After taking steps to increase voter participation with the 2012 re-alignment of the City’s
municipal election, no good reason exists for the General Assembly’s 2015 amendment that
unjustifiably reduced the choices those voters would have. Before the amendment, such voters
would have had the opportunity, in the months between the April primary and the November
general, to coalesce around a petition candidate seeking to intervene and challenge the status quo
by providing a voice for voters who feel unrepresented by the prevailing political parties. But
after the amendment, that opportunity no longer exists.
There was no justification for the 2015 amendment because Defendants have already
successfully held a City municipal general election together with a presidential general election –
with independent candidates on the ballot under the prior July 1 deadline to boot. On the two
charts above, turnout is the same for the first general election shown on each because the City
election corresponding with the 2003 municipal primary was held at the same time as the 2004
presidential general. This is discussed further below, because the 2004 election demonstrates
that there is no hardship to Defendants if required to abide by the July 1 deadline.
Case 1:16-cv-01579-RDB Document 2-1 Filed 05/20/16 Page 29 of 35
30. 30
III. The balance of hardships runs to Plaintiff, because history shows
no difference, for Defendants, between the new deadline and the
prior status quo.
To obtain a preliminary injunction, a plaintiff must demonstrate that the balance of
hardships tips in his or her favor. Winter, 555 U.S. at 20. Plaintiff can do so here because he
bears all the hardship, and Defendants bear none.9
The legislative history of Senate Bill 204 contains no reference to administrative or
bureaucratic reasons for changing the 2016 filing deadline from July 1 to February 3.

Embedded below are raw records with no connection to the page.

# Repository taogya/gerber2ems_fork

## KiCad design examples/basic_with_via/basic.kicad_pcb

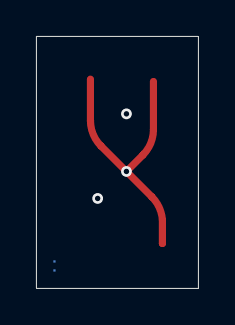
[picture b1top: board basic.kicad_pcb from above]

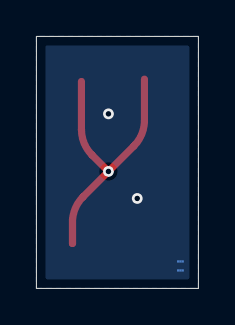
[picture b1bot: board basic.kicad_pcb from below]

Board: 2 copper layers, 9.0 x 14.0 mm, 7 parts (2 on the bottom side), 2 nets.

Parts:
SP1, SP2, SP3: Simulation_Port
TP1, TP2, TP3, TP4: Net-Tie_2; NetTie-2_SMD_Pad0.127mm

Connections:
/MSL: TP1.1, TP1.2, TP3.1, TP3.2
GND: TP2.1, TP2.2, TP4.1, TP4.2

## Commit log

2025-03-17 add example for top to bottom
2025-03-18 add with via

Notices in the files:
parts and their libraries:
License: Apache-2.0

(Exhibits 10-12.) In fact, Defendants, in 2004, successfully managed a municipal election in a
presidential election year in which independent candidates sought and achieved ballot access by
petition. Nothing in the history of Senate Bill 204 suggests a reason why the 2016 election
would so be materially different that the deadline applicable to unaffiliated candidacies had to be
accelerated by five months.
9
Plaintiff acknowledges the difference between mandatory injunctions that alter the
status quo, and prohibitory injunctions that “aim to maintain the status quo and prevent
irreparable harm while a lawsuit remains pending.” Pashby, 709 F.3d at 319. While the status
quo is “the last uncontested status between the parties which preceded the controversy,” id. at
320, “it is sometimes necessary to require a party who has recently disturbed the status quo to
reverse its actions,” which “restores, rather than disturbs, the status quo ante.” Aggarao v. MOL
Ship Mgmt. Co., 675 F.3d 355, 378 (4th Cir. 2012) (internal quotation marks and citation
omitted).
Plaintiff’s position is that the relevant status quo is the election law as it stood for
seventeen years, with § 5–703(c)(ii) commanding a deadline of July 1 for an independent
candidate to file a declaration of intent to seek ballot access by petition. Further, Plaintiff
commenced this suit as soon as practicable after the April 26 primary, and it was only after the
result of that primary that Plaintiff’s injury arose. To require Plaintiff or any other petition
candidate to have filed suit disputing the 2015 amendment to § 5–703(c)(ii) at the time it was
passed runs contrary to the very rationale of such candidacies as outlined in Anderson and
Cromer.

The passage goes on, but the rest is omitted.